The President is my President. And the President Elect will be, barring anything unforeseen.They may very well not be my candidate or choice, but there is only one president for good or ill. I am addressing here the personal pronoun. It is the statement of a petulant two-year-old to scream MINE about any and everything. What I would invite us to move toward is the plural possessive, OUR. I will out myself. I did not vote for Donald Trump, and voted for Hillary to stop him from becoming President Elect. However, despite my wishes and work, he won the vote of the electors (pending their December 19 vote). It appears to be the case. He is OUR President Elect. Don’t like it. Celebrate it. Either does not change the fact that he won in the system that we use. Express your outrage. Fine. When you chant, however, “Not MY President” we cannot go to anywhere with that. It closes all conversation and ability to go anywhere else. It seems to be a response, but it is the equivalent of plugging one’s ears and closing one’s eyes and humming. It just does nothing but close out anything other than the internal.

I would say, no matter one’s feelings, stop using MY. Trump is OUR President Elect. Protest that. Call for change. Call for a delineation on issues and actions. Demand to be heard and demand to be recognized. OUR President must respond. If not, then we are lost. Our common understanding can exclude no one, the ones who voted for Trump who put us here, or the majority who did not and are affronted. OUR understanding of ourselves needs to be communal, not sectarian. I do not wish for their demise. I pray they do not wish for mine. For those that do wish for my demise or those that oppose or disagree with them, let them out themselves and let us see them for what they are. Let us fight that, not the vast majority of centrists who can see and say the WE are all in this together, and WE need to fight for ALL OUR betterment. We will disagree on how to do that, but let us do it from a perspective of MUTUAL respect and COMMON understanding. Why?

Our Common Love

I would say and I would argue that those that are crying and those that are cheering are people who LOVE America. We have that in COMMON. How we express that and how we act on that will differ, but can’t we all agree that we are coming from a COMMON MOTIVATION? How we define what our Founders meant by “Life, Liberty and the Pursuit of Happiness” does differ. But can we no longer see that that is the outcome we are aiming for?

In many of the groups and organizations I have been a part of, when we come to major differences, it is almost always over underlying assumptions that have not been addressed. People assumed that everyone understood the same thing the same way. They did not see another perspective. Having another point of view is NOT EVIL, unless their point of view is to promote and encourage EVIL. It is merely holding another point of view. When I have led groups who have gotten themselves to this space, I try to find common ground. I try to move from an issue to a name and a face. People may say and think that they hate Issue X, but when I invite them to see that John and Jane here believe or hold the opinion of Issue X, I ask do we hate them? I have never had someone say yes. Ever. When we move it from the theoretical to the personal, it becomes very different. It is easy to counter a foreign concept, but when you have a story attached to a face and a name, we begin to hear each other.

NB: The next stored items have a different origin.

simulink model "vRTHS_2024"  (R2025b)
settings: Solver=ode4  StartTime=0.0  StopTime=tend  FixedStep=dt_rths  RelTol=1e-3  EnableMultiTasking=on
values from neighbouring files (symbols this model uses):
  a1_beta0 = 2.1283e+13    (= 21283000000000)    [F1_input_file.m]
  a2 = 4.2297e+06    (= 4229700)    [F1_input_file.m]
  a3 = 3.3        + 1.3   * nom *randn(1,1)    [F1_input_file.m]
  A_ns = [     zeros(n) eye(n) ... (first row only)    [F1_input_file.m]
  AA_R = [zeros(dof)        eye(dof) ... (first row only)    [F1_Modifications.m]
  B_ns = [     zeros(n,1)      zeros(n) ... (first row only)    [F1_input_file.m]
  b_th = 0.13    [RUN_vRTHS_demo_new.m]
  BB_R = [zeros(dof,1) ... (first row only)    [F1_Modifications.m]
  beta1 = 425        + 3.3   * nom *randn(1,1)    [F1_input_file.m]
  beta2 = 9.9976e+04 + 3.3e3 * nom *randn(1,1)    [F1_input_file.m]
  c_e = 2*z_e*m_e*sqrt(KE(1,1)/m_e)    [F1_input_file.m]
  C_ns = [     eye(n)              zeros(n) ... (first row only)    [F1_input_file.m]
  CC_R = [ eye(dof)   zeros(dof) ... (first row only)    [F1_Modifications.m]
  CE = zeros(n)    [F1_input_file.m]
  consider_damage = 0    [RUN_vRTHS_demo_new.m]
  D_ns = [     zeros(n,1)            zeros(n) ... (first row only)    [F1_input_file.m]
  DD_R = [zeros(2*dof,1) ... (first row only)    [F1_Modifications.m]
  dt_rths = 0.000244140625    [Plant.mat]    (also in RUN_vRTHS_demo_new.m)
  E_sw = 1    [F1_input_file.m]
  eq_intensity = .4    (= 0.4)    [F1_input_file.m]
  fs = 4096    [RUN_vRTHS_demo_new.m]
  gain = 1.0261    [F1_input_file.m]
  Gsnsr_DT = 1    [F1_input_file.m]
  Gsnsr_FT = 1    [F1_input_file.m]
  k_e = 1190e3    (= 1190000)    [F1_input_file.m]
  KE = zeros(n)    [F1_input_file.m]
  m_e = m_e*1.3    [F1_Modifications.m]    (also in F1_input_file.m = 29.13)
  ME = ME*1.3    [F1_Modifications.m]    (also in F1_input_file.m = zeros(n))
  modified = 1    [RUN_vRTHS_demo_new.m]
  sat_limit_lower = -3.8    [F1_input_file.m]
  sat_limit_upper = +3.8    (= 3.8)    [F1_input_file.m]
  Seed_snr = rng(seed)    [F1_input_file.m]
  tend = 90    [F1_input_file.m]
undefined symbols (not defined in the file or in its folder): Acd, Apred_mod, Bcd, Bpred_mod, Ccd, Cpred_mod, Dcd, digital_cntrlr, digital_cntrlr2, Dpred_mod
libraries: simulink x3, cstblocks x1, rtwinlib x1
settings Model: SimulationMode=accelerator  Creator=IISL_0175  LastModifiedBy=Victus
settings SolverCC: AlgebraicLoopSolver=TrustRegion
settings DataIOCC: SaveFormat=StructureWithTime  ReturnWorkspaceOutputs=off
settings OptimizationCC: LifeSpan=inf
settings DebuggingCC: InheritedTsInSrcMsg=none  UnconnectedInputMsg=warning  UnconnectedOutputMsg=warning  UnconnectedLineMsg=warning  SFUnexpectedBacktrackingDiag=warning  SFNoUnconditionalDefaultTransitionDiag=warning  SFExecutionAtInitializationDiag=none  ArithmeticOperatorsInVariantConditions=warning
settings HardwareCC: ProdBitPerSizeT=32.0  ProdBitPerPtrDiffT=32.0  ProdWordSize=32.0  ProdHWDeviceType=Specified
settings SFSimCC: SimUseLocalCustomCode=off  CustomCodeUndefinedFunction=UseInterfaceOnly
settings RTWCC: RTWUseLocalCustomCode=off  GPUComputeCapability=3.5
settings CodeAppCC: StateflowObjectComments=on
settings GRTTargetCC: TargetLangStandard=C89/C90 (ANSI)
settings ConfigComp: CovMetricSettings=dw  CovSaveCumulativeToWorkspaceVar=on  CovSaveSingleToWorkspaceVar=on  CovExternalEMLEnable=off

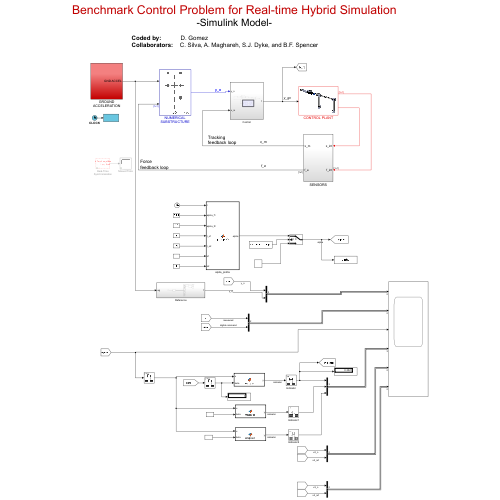
[thumbnail: Simulink's stored preview of the top-level diagram]
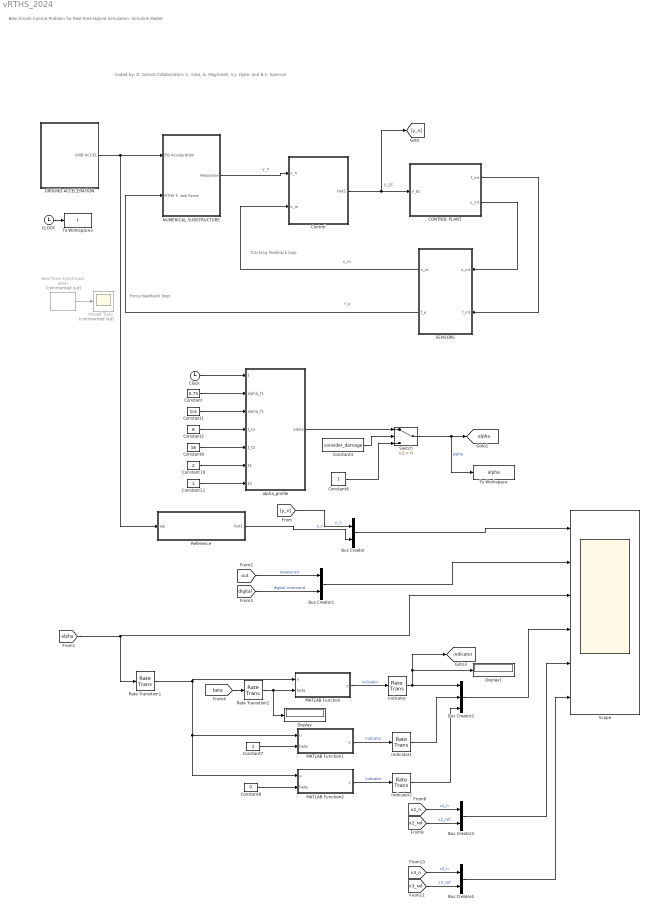
== system vRTHS_2024 ==
  note: Force
      | feedback loop
  note: Benchmark Control Problem for Real-time Hybrid Simulation
      | -Simulink Model-
  note: Coded by: D. Gomez
      | Collaborators: C. Silva, A. Maghareh, S.J. Dyke, and B.F. Spencer
  note: Tracking feedback loop
  note: y_n
  note: y_gc
  note: f_e
  note: x_m
  Bus Creator{,1,3..4} (4 alike) : BusCreator  Inputs=2
  Bus Creator2 : BusCreator  Inputs=3
  CLOCK : Clock
  CONTROL PLANT : Subsystem
      mask Display: image(imread('PlantSW2.PNG'));
  Clock : Clock
  Constant : Constant  Value=0.75
  Constant1 : Constant  Value=0.5
  Constant10 : Constant  Value=2
  Constant11 : Constant
  Constant2 : Constant  Value=8
  Constant3 : Constant  Value=consider_damage
  Constant6 : Constant
  Constant7 : Constant
  Constant8 : Constant  Value=0
  Constant9 : Constant  Value=16
  Control : Subsystem
  Display : Display
  Display1 : Display
  GROUND ACCELERATION : Subsystem
  Indicator : RateTransition
  Indicator1 : RateTransition
  Indicator2 : RateTransition
  MATLAB Function : MATLAB Function  TreatAsAtomicUnit=on  SystemSampleTime=100/fs
  MATLAB Function1 : MATLAB Function  TreatAsAtomicUnit=on  SystemSampleTime=100/fs
  MATLAB Function2 : MATLAB Function  TreatAsAtomicUnit=on  SystemSampleTime=100/fs
  Missed Ticks : Scope  Commented=on
      settings: TimeSpan=10  ActiveDisplayYMinimum=-51.75  ActiveDisplayYMaximum=465.75  DataLoggingSaveFormat=Structure
  NUMERICAL SUBSTRUCTURE : Subsystem
      mask Display: image(imread('Num_sub.png'));
  Rate Transition1 : RateTransition
  Rate Transition2 : RateTransition
  Real-Time Synchronization : rtwinlib/Real-Time Synchronization  Commented=on  SampleTime=dt_rths  MaxMissedTicks=10000  ShowMissedTicks=on  YieldWhenWaiting=off
  Reference : Subsystem
  SENSORS : Subsystem
  Scope : Scope  NumInputPorts=6
      settings: ActiveDisplayString=3  ActiveDisplayYMinimum=0.9  ActiveDisplayYMaximum=1.1  DataLoggingVariableName=ScopeData5
  Switch : Switch  Criteria=u2 > Threshold  SaturateOnIntegerOverflow=off  InputSameDT=off
  To Workspace : ToWorkspace  VariableName=alpha  SaveFormat=Timeseries  SampleTime=-1
  To Workspace3 : ToWorkspace  VariableName=t  SampleTime=-1
  alpha_profile : MATLAB Function  TreatAsAtomicUnit=on
  tag scope: alpha=global, indicator=global
  wires:
  CLOCK/1 -> To Workspace3/1
  CONTROL PLANT/2(x_int) -> SENSORS/1(x_int)
  SENSORS/2("f_e ") -> NUMERICAL SUBSTRUCTURE/2(RTHS feedback Force)
  Control/1(Out1) -> [y_n], CONTROL PLANT/1(y_gc)
  Real-Time Synchronization/1 -> Missed Ticks/1
  GROUND ACCELERATION/1(GND ACCEL) -> Reference/1(ag), NUMERICAL SUBSTRUCTURE/1(EQ Acceleration)
  CONTROL PLANT/1(f_int) -> SENSORS/2(f_int)
  Switch/1 -> To Workspace/1, [alpha]  "alpha"
  Constant/1 -> alpha_profile/2(alpha_f1)
  Clock/1 -> alpha_profile/1(t)
  alpha_profile/1(alpha) -> Switch/1
  Constant11/1 -> alpha_profile/7(k2)
  Constant1/1 -> alpha_profile/3(alpha_f2)
  Constant6/1 -> Switch/3
  Constant2/1 -> alpha_profile/4(t_s1)
  Constant9/1 -> alpha_profile/5(t_s2)
  Constant10/1 -> alpha_profile/6(k1)
  Bus Creator3/1 -> Scope/5
  Bus Creator2/1 -> Scope/4
  MATLAB Function/1(y) -> Indicator/1  "indicator"
  Indicator1/1 -> Bus Creator2/2
  Bus Creator1/1 -> Scope/2
  Bus Creator4/1 -> Scope/6
  Rate Transition1/1 -> MATLAB Function2/1(u), MATLAB Function1/1(u), MATLAB Function/1(u)
  Bus Creator/1 -> Scope/1
  Rate Transition2/1 -> Display/1, MATLAB Function/2(beta)
  Constant7/1 -> MATLAB Function1/2(beta)
  [digital] -> Bus Creator1/2  "digital command"
  [x3_n] -> Bus Creator4/1  "x3_n"
  [x3_ref] -> Bus Creator4/2  "x3_ref"
  [x2_ref] -> Bus Creator3/2  "x2_ref"
  [out] -> Bus Creator1/1  "measured"
  [y_n] -> Bus Creator/1  "y_n"
  Constant8/1 -> MATLAB Function2/2(beta)
  [x2_n] -> Bus Creator3/1  "x2_n"
  [alpha] -> Rate Transition1/1, Scope/3
  MATLAB Function1/1(y) -> Indicator1/1  "indicator"
  Indicator2/1 -> Bus Creator2/3
  Reference/1(Out1) -> Bus Creator/2  "y_r"
  Indicator/1 -> [indicator], Display1/1, Bus Creator2/1
  [beta] -> Rate Transition2/1
  MATLAB Function2/1(y) -> Indicator2/1  "indicator"
  SENSORS/1(x_m) -> Control/2(x_m)
  NUMERICAL SUBSTRUCTURE/1(Response) -> Control/1(y_n)
  Constant3/1 -> Switch/2

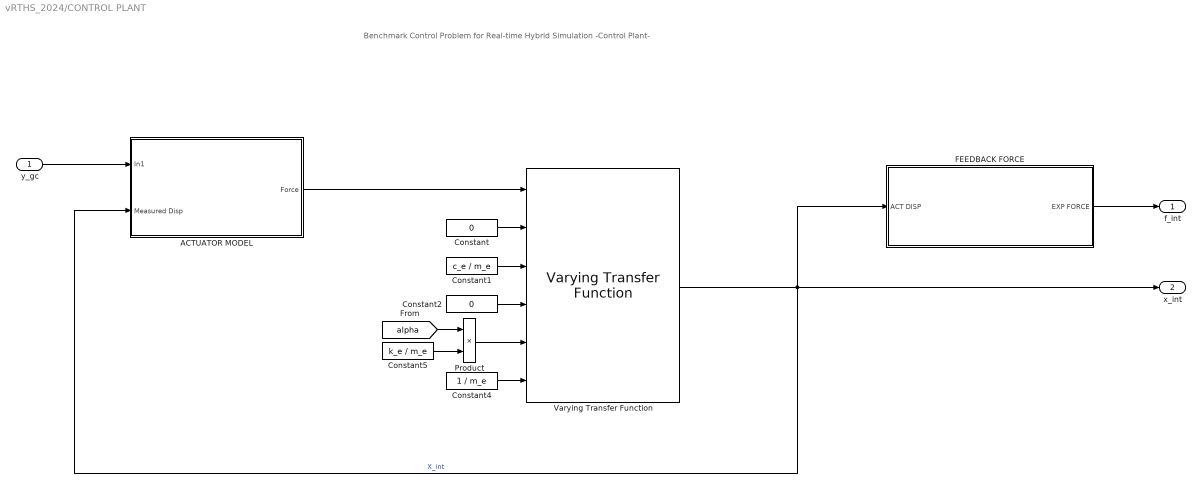
== system vRTHS_2024/CONTROL PLANT ==
  note: Benchmark Control Problem for Real-time Hybrid Simulation
      | -Control Plant-
  y_gc : Inport
  ACTUATOR MODEL : Subsystem
      mask Display: image(imread('ActuatorSW2.PNG'));
  Constant : Constant  Value=0
  Constant1 : Constant  Value=c_e / m_e
  Constant2 : Constant  Value=0
  Constant4 : Constant  Value=1 / m_e
  Constant5 : Constant  Value=k_e / m_e
  FEEDBACK FORCE : Subsystem
  Product : Product
  Varying Transfer Function : cstblocks/Linear Parameter Varying/Varying Transfer Function  N=2  Feedthrough=on
  f_int : Outport
  x_int : Outport  Port=2
  wires:
  y_gc/1 -> ACTUATOR MODEL/1(In1)
  Varying Transfer Function/1 -> FEEDBACK FORCE/1(ACT DISP), x_int/1, ACTUATOR MODEL/2(Measured Disp)  "X_int"
  ACTUATOR MODEL/1(Force) -> Varying Transfer Function/1
  FEEDBACK FORCE/1(EXP FORCE) -> f_int/1
  Constant4/1 -> Varying Transfer Function/6
  [alpha] -> Product/1
  Product/1 -> Varying Transfer Function/5
  Constant1/1 -> Varying Transfer Function/3
  Constant5/1 -> Product/2
  Constant/1 -> Varying Transfer Function/2
  Constant2/1 -> Varying Transfer Function/4

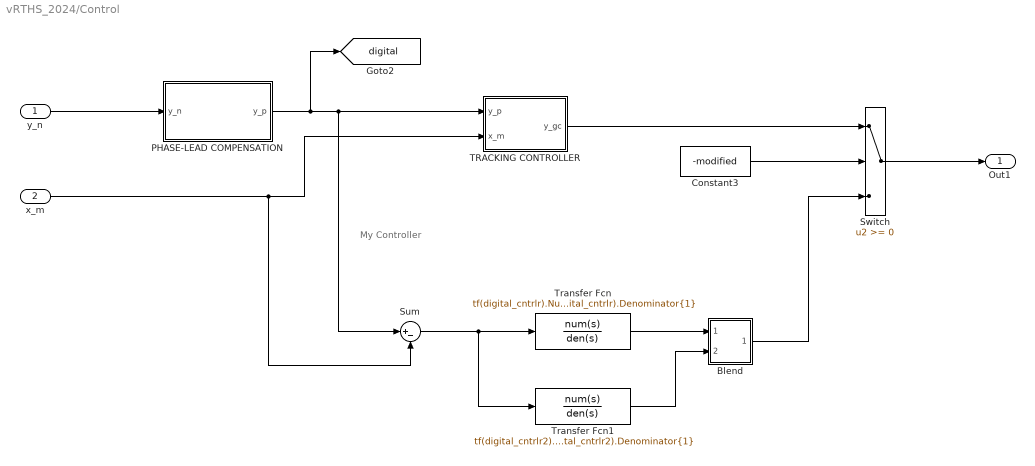
== system vRTHS_2024/Control ==
  note: My Controller
  y_n : Inport
  x_m : Inport  Port=2
  Blend : Subsystem
  Constant3 : Constant  Value=-modified
  PHASE-LEAD COMPENSATION : Subsystem
  Sum : Sum  Inputs=|+-
  Switch : Switch  SaturateOnIntegerOverflow=off  InputSameDT=off
  TRACKING CONTROLLER : Subsystem
  Transfer Fcn : TransferFcn  Numerator=tf(digital_cntrlr).Numerator{1}  Denominator=tf(digital_cntrlr).Denominator{1}
  Transfer Fcn1 : TransferFcn  Numerator=tf(digital_cntrlr2).Numerator{1}  Denominator=tf(digital_cntrlr2).Denominator{1}
  Out1 : Outport
  tag scope: digital=global
  wires:
  x_m/1 -> Sum/2, TRACKING CONTROLLER/2(x_m)
  Sum/1 -> Transfer Fcn1/1, Transfer Fcn/1
  Transfer Fcn1/1 -> Blend/2(In2)
  Transfer Fcn/1 -> Blend/1(In1)
  TRACKING CONTROLLER/1(y_gc) -> Switch/1
  Blend/1(Out1) -> Switch/3
  PHASE-LEAD COMPENSATION/1(y_p) -> [digital], Sum/1, TRACKING CONTROLLER/1(y_p)
  Constant3/1 -> Switch/2
  Switch/1 -> Out1/1
  y_n/1 -> PHASE-LEAD COMPENSATION/1(y_n)

== system vRTHS_2024/GROUND ACCELERATION ==
  note: Benchmark Control Problem for Real-time Hybrid Simulation
      | -Ground Acceleration-
  GROUND ACCELERATION : ToWorkspace  VariableName=EQ_input  SampleTime=-1
  INPUT SELECTOR : MultiPortSwitch  Inputs=4  SaturateOnIntegerOverflow=off  InputSameDT=off
  "RECORD " : Subsystem
  SCALING : Gain  Gain=eq_intensity  Multiplication=Matrix(K*u)
  SWITCH CONSTANT : Constant  Value=E_sw
  GND ACCEL : Outport
  wires:
  INPUT SELECTOR/1 -> SCALING/1
  SWITCH CONSTANT/1 -> INPUT SELECTOR/1
  "RECORD "/1(El Centro) -> INPUT SELECTOR/2
  "RECORD "/2(Kobe) -> INPUT SELECTOR/3
  "RECORD "/3(Morgan) -> INPUT SELECTOR/4
  SCALING/1 -> GROUND ACCELERATION/1, GND ACCEL/1
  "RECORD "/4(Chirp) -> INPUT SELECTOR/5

Our COMMON LOVE, this wonderful and beautiful and permanently flawed experiment called America is the longest continuous democracy in the world. We are fast running to an edge of a cliff where that will no longer be possible because we are limiting and ignoring the other that we hear. We cannot be ruled by the people when we do not listen to the voice of half of them, no matter our side. Can we not agree to see we all love this great land, and that we all have a right to believe and think and feel the way that we do?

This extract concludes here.